Very few non-food seeds such as Jatropha curcas, neem, mahua, karanji etc. are available for the extraction of nonedible VO. However, a limited study on AC, DC and impulse BDV are carried out on the Jatropha curcas oil. The streamer propagation is also studied for the Jatropha curcas methyl ester [31]. But the research did not reveal the response of heat transfer and other allied physicochemical and electrical properties of the nonedible VO. Hence, in this research work, the development of a new nonedible VO, named karanji oil methyl ester (KOME), as a novel TO is presented. The KOME is derived by the process of two-step transesterification from the crude karanji oil (CKO) extracted for the karanji fruit seeds. The Karanji fruits are drought resistant, semi-deciduous and nitrogen-fixing leguminous tree. It grows about 15-20 meters in height with a large canopy which spreads equally wide [95]. We collected the ripened karanji fruits from the karanji tree available in the IIT Guwahati premises followed by removal of karanji seeds and drying. Then the CKO is extracted from the dried karanji seeds using mechanical expeller. Two-step transesterification process has been carried out to prepare the KOME. The thermophysical (thermal conductivity, viscosity, interfacial tension, flash point, pour point and colour), chemical (moisture content, acid number, iodine number) and electrical (ac breakdown voltage, resistivity, dielectric constant, dielectric loss) properties of KOME are studied and compared with MO. Finally, with the ageing and statistical analysis of ACBDV compared to MO ascertain the chemical and dielectric integrity of the KOME.

Karanji tree is a deciduous medicinal plant, which found in the region of northeastern part of India, Indian subcontinent, south-east Asia to north-eastern region of Australia, Fiji and Japan. Karanji belongs to the family of pea and it has many common names such as Indian beech, Pongam oil-tree, Karanji tree, and Pongamia pinnata tree. It grows in the tropical and subtropical region, which does not require a fertile land. The seeds of the karanji tree are now a day widely used for the biodiesel production as shown in Figure 1.2 [96]. The production of the biodiesel from the karanji seeds is a solution for the energy crises and environmental safety.

Many applications of the karanji trees have been explained in several literatures, for example, conservation of soil water, reclamation of the soil, control of soil erosion, major feedstock for pharmaceutical and cosmetic industries. The production of biodiesel from the seeds of the karanji fruits is the key application involved in the recent past of the research.
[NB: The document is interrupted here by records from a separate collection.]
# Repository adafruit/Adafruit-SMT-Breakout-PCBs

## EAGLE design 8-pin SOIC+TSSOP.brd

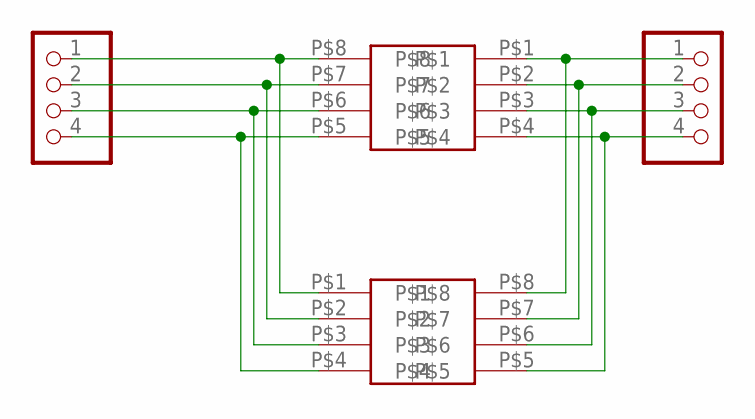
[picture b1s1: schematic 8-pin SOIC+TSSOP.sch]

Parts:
CN1, CN2: PADS-4
U$1: 8-PINSOIC-NW; SO8NW
U$2: 8-PINTSSOP; TSSOP8

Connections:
unnamed: CN1.1, U$1.P$8, U$2.P$1
unnamed: CN2.1, U$1.P$1, U$2.P$8
unnamed: CN2.2, U$1.P$2, U$2.P$7
unnamed: CN2.3, U$1.P$3, U$2.P$6
unnamed: CN2.4, U$1.P$4, U$2.P$5
unnamed: CN1.2, U$1.P$7, U$2.P$2
unnamed: CN1.3, U$1.P$6, U$2.P$3
unnamed: CN1.4, U$1.P$5, U$2.P$4

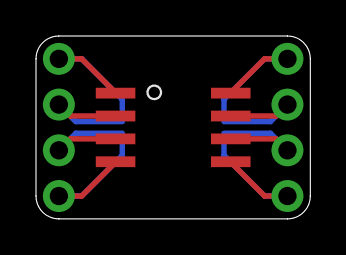
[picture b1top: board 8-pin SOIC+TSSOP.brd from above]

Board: 2 copper layers, 15.2 x 10.2 mm, 4 parts (1 on the bottom side), 8 nets.

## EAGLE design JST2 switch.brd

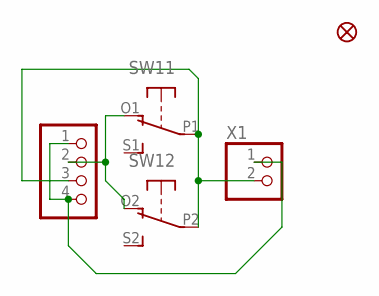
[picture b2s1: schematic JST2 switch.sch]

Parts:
FID1: FIDUCIAL""; FIDUCIAL_1MM
JP1: PADS-4
SW1: DPDT-EG1390; EG1390
X1: CON_JST_PH_2PIN; JSTPH2

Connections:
GND: JP1.1, JP1.4, X1.1
unnamed: JP1.3, SW1.P1, SW1.P2, X1.2
unnamed: JP1.2, SW1.O1 (O), SW1.O2 (O)

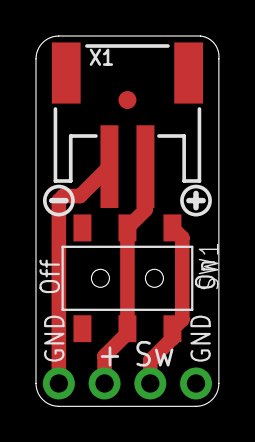
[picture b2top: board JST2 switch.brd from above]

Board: 2 copper layers, 10.2 x 20.6 mm, 7 parts (1 on the bottom side), 3 nets.

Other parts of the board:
U$1: SYMBOL_PLUS
U$2: SYMBOL_MINUS
U$3: ADAFRUIT_5MM

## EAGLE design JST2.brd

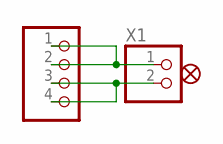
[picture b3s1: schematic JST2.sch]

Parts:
FID1: FIDUCIAL""; FIDUCIAL_1MM
JP1: PADS-4
X1: CON_JST_PH_2PIN; JSTPH2

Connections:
unnamed: JP1.1, JP1.2, X1.1
unnamed: JP1.3, JP1.4, X1.2

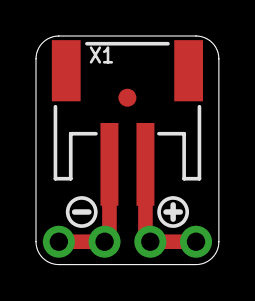
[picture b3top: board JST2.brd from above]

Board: 2 copper layers, 10.2 x 12.7 mm, 6 parts (1 on the bottom side), 2 nets.

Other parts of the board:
U$1: SYMBOL_PLUS
U$2: SYMBOL_MINUS
U$4: ADAFRUIT_3.5MM

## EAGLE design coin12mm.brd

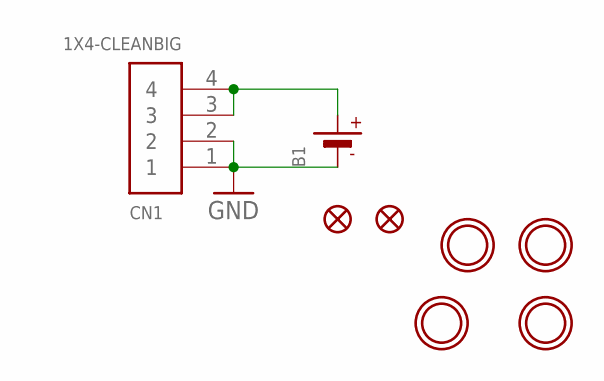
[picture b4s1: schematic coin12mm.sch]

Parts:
B1: BATTERYCR1220_SMT; CR1220
CN1: 1X4-CLEANBIG; 1X04-CLEANBIG
FID1, FID2: FIDUCIAL""; FIDUCIAL_1MM
U$1, U$2, U$3, U$5: MOUNTINGHOLE2.5; MOUNTINGHOLE_2.5_PLATED

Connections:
GND: B1.-, CN1.1, CN1.2
unnamed: B1.+$1 (+), CN1.3, CN1.4

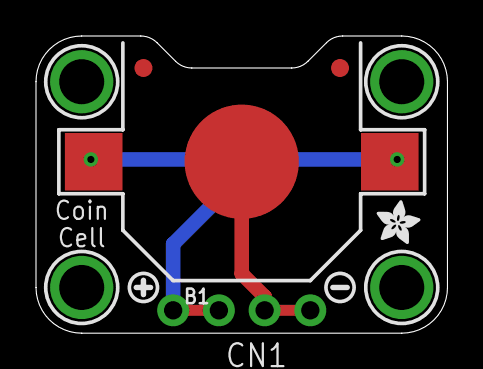
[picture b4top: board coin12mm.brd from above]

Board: 2 copper layers, 22.9 x 16.5 mm, 12 parts (1 on the bottom side), 2 nets.

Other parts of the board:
U$4: ADAFRUIT_5MM
U$6: SYMBOL_PLUS
U$7: SYMBOL_MINUS
U$8: ADAFRUIT_2.5MM

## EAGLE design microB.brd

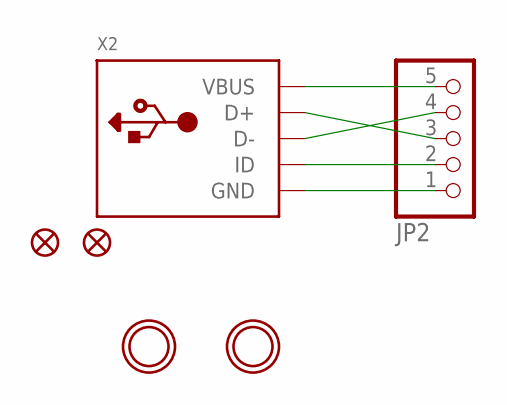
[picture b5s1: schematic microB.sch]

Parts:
FID1, FID2: FIDUCIAL""; FIDUCIAL_1MM
JP2: HEADER-1X570MIL; 1X05_ROUND_70
U$1, U$2: MOUNTINGHOLE2.5; MOUNTINGHOLE_2.5_PLATED
X2: USBMICRO_20329; 4UCONN_20329

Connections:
D+: JP2.3, X2.D+
D-: JP2.4, X2.D-
GND: JP2.1, X2.BASE@1 (GND), X2.BASE@2 (GND), X2.GND, X2.SPRT@1 (GND), X2.SPRT@2 (GND), X2.SPRT@3 (GND), X2.SPRT@4 (GND)
ID: JP2.2, X2.ID
VBUS: JP2.5, X2.VBUS

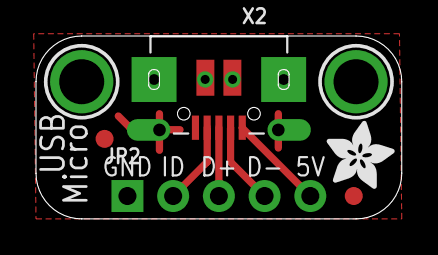
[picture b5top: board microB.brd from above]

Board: 2 copper layers, 20.3 x 10.2 mm, 7 parts (0 on the bottom side), 5 nets.

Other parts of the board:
U$4: ADAFRUIT_3.5MM

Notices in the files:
parts and their libraries:
microbuilder: This work is placed in the public domain, and may be freely used for commercial and non-commercial work with the following conditions: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
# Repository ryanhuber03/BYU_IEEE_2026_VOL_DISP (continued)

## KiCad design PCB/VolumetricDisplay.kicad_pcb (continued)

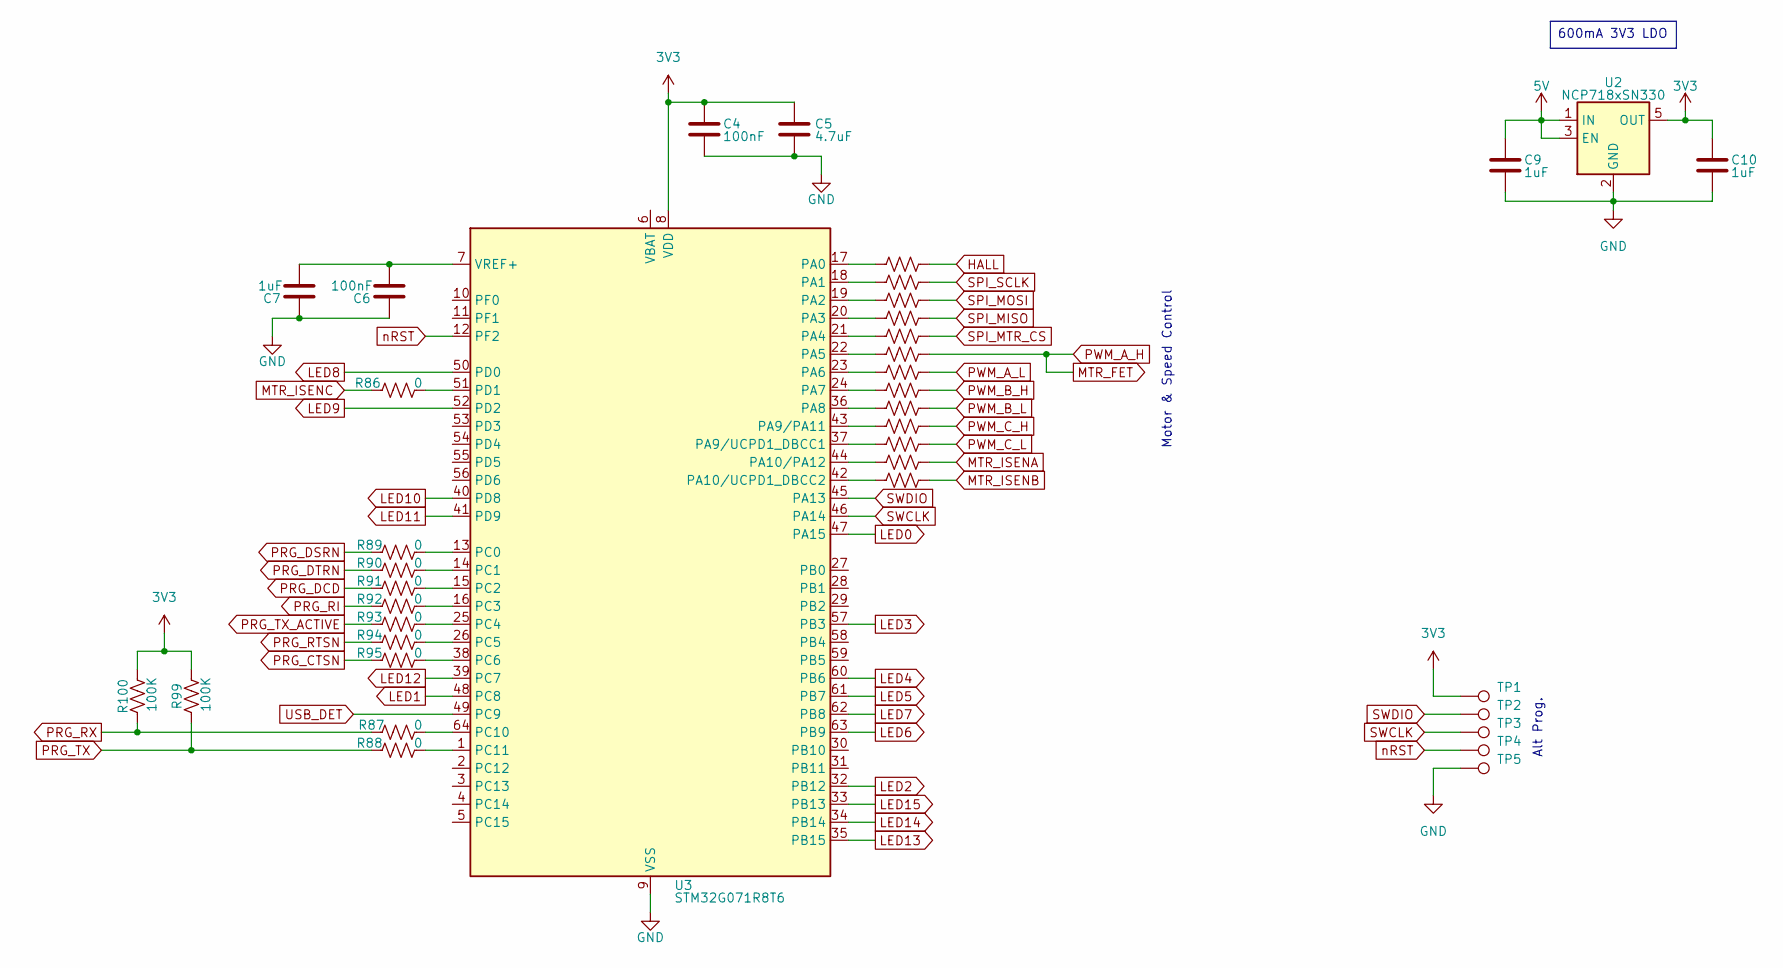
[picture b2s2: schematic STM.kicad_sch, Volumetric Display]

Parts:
C4, C6: 100nF; C_0402_1005Metric_Pad0.74x0.62mm_HandSolder
C5: 4.7uF; C_0402_1005Metric_Pad0.74x0.62mm_HandSolder
C7, C9, C10: 1uF; C_0603_1608Metric_Pad1.08x0.95mm_HandSolder
R74, R75, R76, R77, R78, R79, R80, R81, R82, R83, R84, R85, R86, R87, R88, R89, R90, R91, R92, R93, R94, R95, R96: 0; R_0603_1608Metric_Pad0.98x0.95mm_HandSolder
R99, R100: 100K; R_0603_1608Metric_Pad0.98x0.95mm_HandSolder
TP1, TP2, TP3, TP4, TP5: TestPoint; TestPoint_Pad_D1.5mm
U2: NCP718xSN330; SOT-23-5
U3: STM32G071R8T6; LQFP-64_10x10mm_P0.5mm

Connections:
3V3: C4.1, C5.1, C10.1, R99.1, R100.2, TP1.1 (1_1), U2.5 (OUT), U3.8 (VDD); also elsewhere on the board
5V: C9.1, U2.1 (IN), U2.3 (EN); also elsewhere on the board
GND: C4.2, C5.2, C6.1, C7.1, C9.2, C10.2, TP5.1 (1_1), U2.2 (GND), U3.9 (VSS); also elsewhere on the board
HALL: R96.2; also elsewhere on the board
LED0: U3.47 (PA15); also elsewhere on the board
LED1: U3.48 (PC8); also elsewhere on the board
LED2: U3.32 (PB12); also elsewhere on the board
LED3: U3.57 (PB3); also elsewhere on the board
LED4: U3.60 (PB6); also elsewhere on the board
LED5: U3.61 (PB7); also elsewhere on the board
LED6: U3.63 (PB9); also elsewhere on the board
LED7: U3.62 (PB8); also elsewhere on the board
LED8: U3.50 (PD0); also elsewhere on the board
LED9: U3.52 (PD2); also elsewhere on the board
LED10: U3.40 (PD8); also elsewhere on the board
LED11: U3.41 (PD9); also elsewhere on the board
LED12: U3.39 (PC7); also elsewhere on the board
LED13: U3.35 (PB15); also elsewhere on the board
LED14: U3.34 (PB14); also elsewhere on the board
LED15: U3.33 (PB13); also elsewhere on the board
MTR_FET: R78.2; also elsewhere on the board
MTR_ISENA: R84.2; also elsewhere on the board
MTR_ISENB: R85.2; also elsewhere on the board
MTR_ISENC: R86.2; also elsewhere on the board
unnamed: R96.1, U3.17 (PA0)
unnamed: R74.1, U3.18 (PA1)
unnamed: R75.1, U3.19 (PA2)
unnamed: R76.1, U3.20 (PA3)
unnamed: R77.1, U3.21 (PA4)
unnamed: R78.1, U3.22 (PA5)
unnamed: R79.1, U3.23 (PA6)
unnamed: R80.1, U3.24 (PA7)
unnamed: R81.1, U3.36 (PA8)
unnamed: R82.1, U3.43 (PA9/PA11)
unnamed: R83.1, U3.37 (PA9/UCPD1_DBCC1)
unnamed: R84.1, U3.44 (PA10/PA12)
unnamed: R85.1, U3.42 (PA10/UCPD1_DBCC2)
unnamed: R89.2, U3.13 (PC0)
unnamed: R90.2, U3.14 (PC1)
unnamed: R91.2, U3.15 (PC2)
unnamed: R92.2, U3.16 (PC3)
unnamed: R93.2, U3.25 (PC4)
unnamed: R94.2, U3.26 (PC5)
unnamed: R95.2, U3.38 (PC6)
unnamed: R87.2, U3.64 (PC10)
unnamed: R88.2, U3.1 (PC11)
unnamed: R86.1, U3.51 (PD1)
unnamed: C6.2, C7.2, U3.7 (VREF+)
PRG_CTSN: R95.1; also elsewhere on the board
PRG_DCD: R91.1; also elsewhere on the board
PRG_DSRN: R89.1; also elsewhere on the board
PRG_DTRN: R90.1; also elsewhere on the board
PRG_RI: R92.1; also elsewhere on the board
PRG_RTSN: R94.1; also elsewhere on the board
PRG_RX: R87.1, R100.1; also elsewhere on the board
PRG_TX: R88.1, R99.2; also elsewhere on the board
PRG_TX_ACTIVE: R93.1; also elsewhere on the board
PWM_A_L: R79.2; also elsewhere on the board
PWM_B_H: R80.2; also elsewhere on the board
PWM_B_L: R81.2; also elsewhere on the board
PWM_C_H: R82.2; also elsewhere on the board
PWM_C_L: R83.2; also elsewhere on the board
SPI_MISO: R76.2; also elsewhere on the board
SPI_MOSI: R75.2; also elsewhere on the board
SPI_MTR_CS: R77.2; also elsewhere on the board
SPI_SCLK: R74.2; also elsewhere on the board
SWCLK: TP3.1 (1_1), U3.46 (PA14)
SWDIO: TP2.1 (1_1), U3.45 (PA13)
USB_DET: U3.49 (PC9); also elsewhere on the board
nRST: TP4.1 (1_1), U3.12 (PF2)

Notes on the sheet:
Motor & Speed Control
Alt Prog.
600mA 3V3 LDO

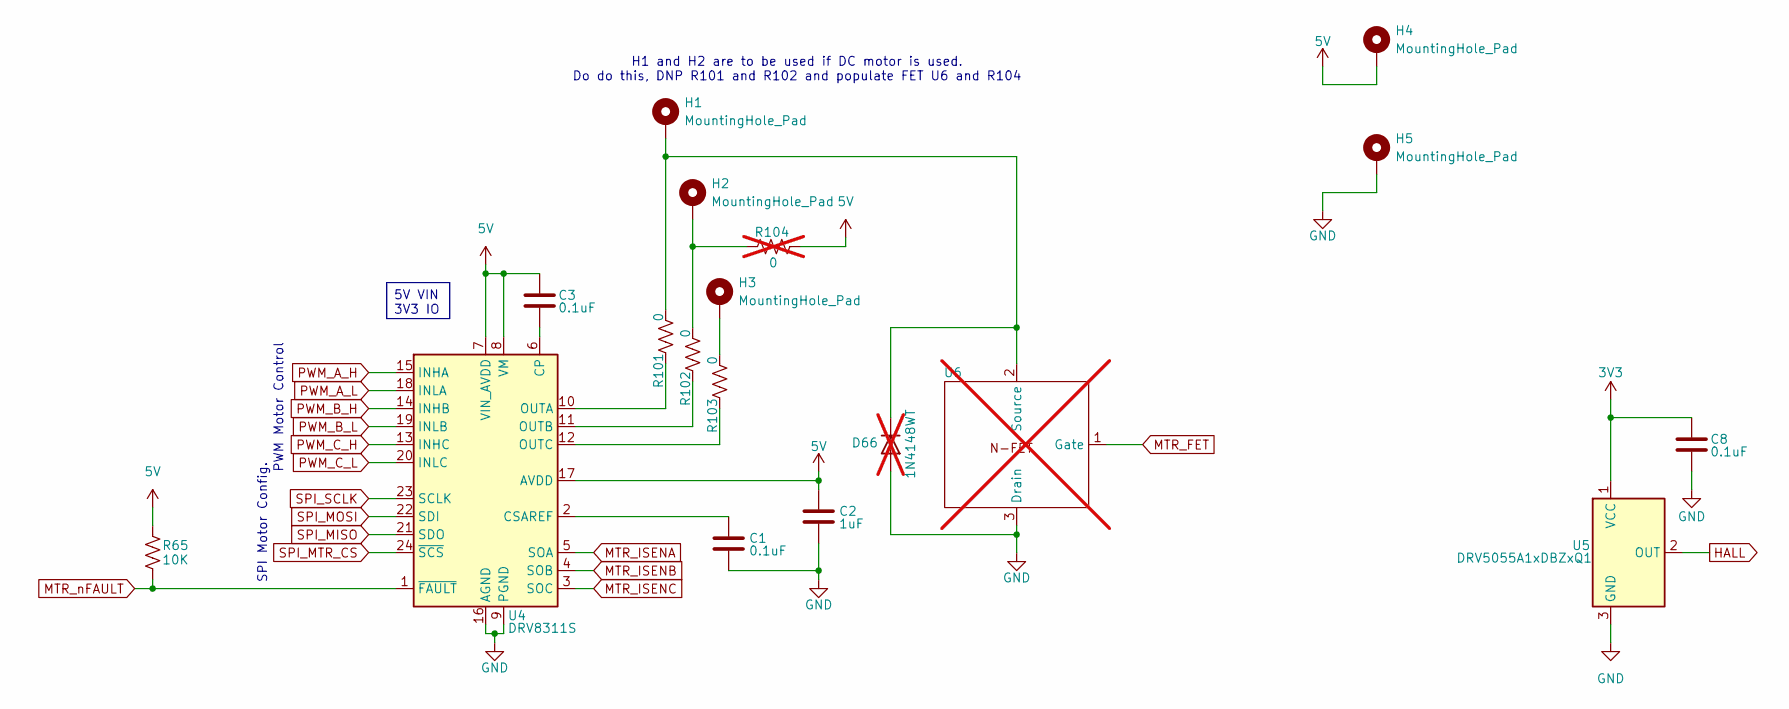
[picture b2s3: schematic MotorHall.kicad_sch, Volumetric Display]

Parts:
C1, C3: 0.1uF; C_0402_1005Metric_Pad0.74x0.62mm_HandSolder
C2: 1uF; C_0402_1005Metric_Pad0.74x0.62mm_HandSolder
C8: 0.1uF; C_0603_1608Metric_Pad1.08x0.95mm_HandSolder
D66: 1N4148WT; D_SOD-323_HandSoldering; not fitted
H1, H2, H3, H4, H5: MountingHole_Pad; 28AWG Pad
R65: 10K; R_0603_1608Metric_Pad0.98x0.95mm_HandSolder
R101, R102, R103: 0; R_0603_1608Metric_Pad0.98x0.95mm_HandSolder
R104: 0; R_0603_1608Metric_Pad0.98x0.95mm_HandSolder; not fitted
U4: DRV8311S; Texas_RRW0024A_WQFN-24-1EP_3x3mm_P0.4mm_EP1.9x1.9mm
U5: DRV5055A1xDBZxQ1; SOT-23
U6: SOT-23_Handsoldering; not fitted

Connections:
3V3: C8.2, U5.1 (VCC); also elsewhere on the board
5V: C2.1, C3.2, H4.1 (1_1), R65.1, R104.1, U4.7 (VIN_AVDD), U4.8 (VM), U4.17 (AVDD); also elsewhere on the board
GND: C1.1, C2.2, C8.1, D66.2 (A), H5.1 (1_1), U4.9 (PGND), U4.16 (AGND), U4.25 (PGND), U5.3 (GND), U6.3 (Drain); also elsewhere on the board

The karanji seeds are processed into a suitable biodiesel, which acts as a less polluting fuel compared to petroleum-based oil [97]. The byproduct of the karanji oil cake is treated as a suitable organic fertilizer for organic farming. The implementation of the aforementioned application will strengthen the economy of rural people.

Figure 1.2: Nonedible VO based TO [96].

CKO can be obtained from the extraction process of solar dried karanji seeds. Mechanical expeller is being used for oil extraction. The CKO is further processed into the two-step transesterification process to obtain KOME as an insulating oil for the electrical transformer.

The karanji oil can also be extracted using the soxhlet, cold percolation and Solvent extraction process by taking karanji seeds powder as an input. But in these chemical extraction process, the oil percentage is more compared to mechanical extraction [98].

However, the chemical extraction involves a lot of hazardous chemical treatments, so mechanical expeller is more suitably preferred for the extraction of CKO.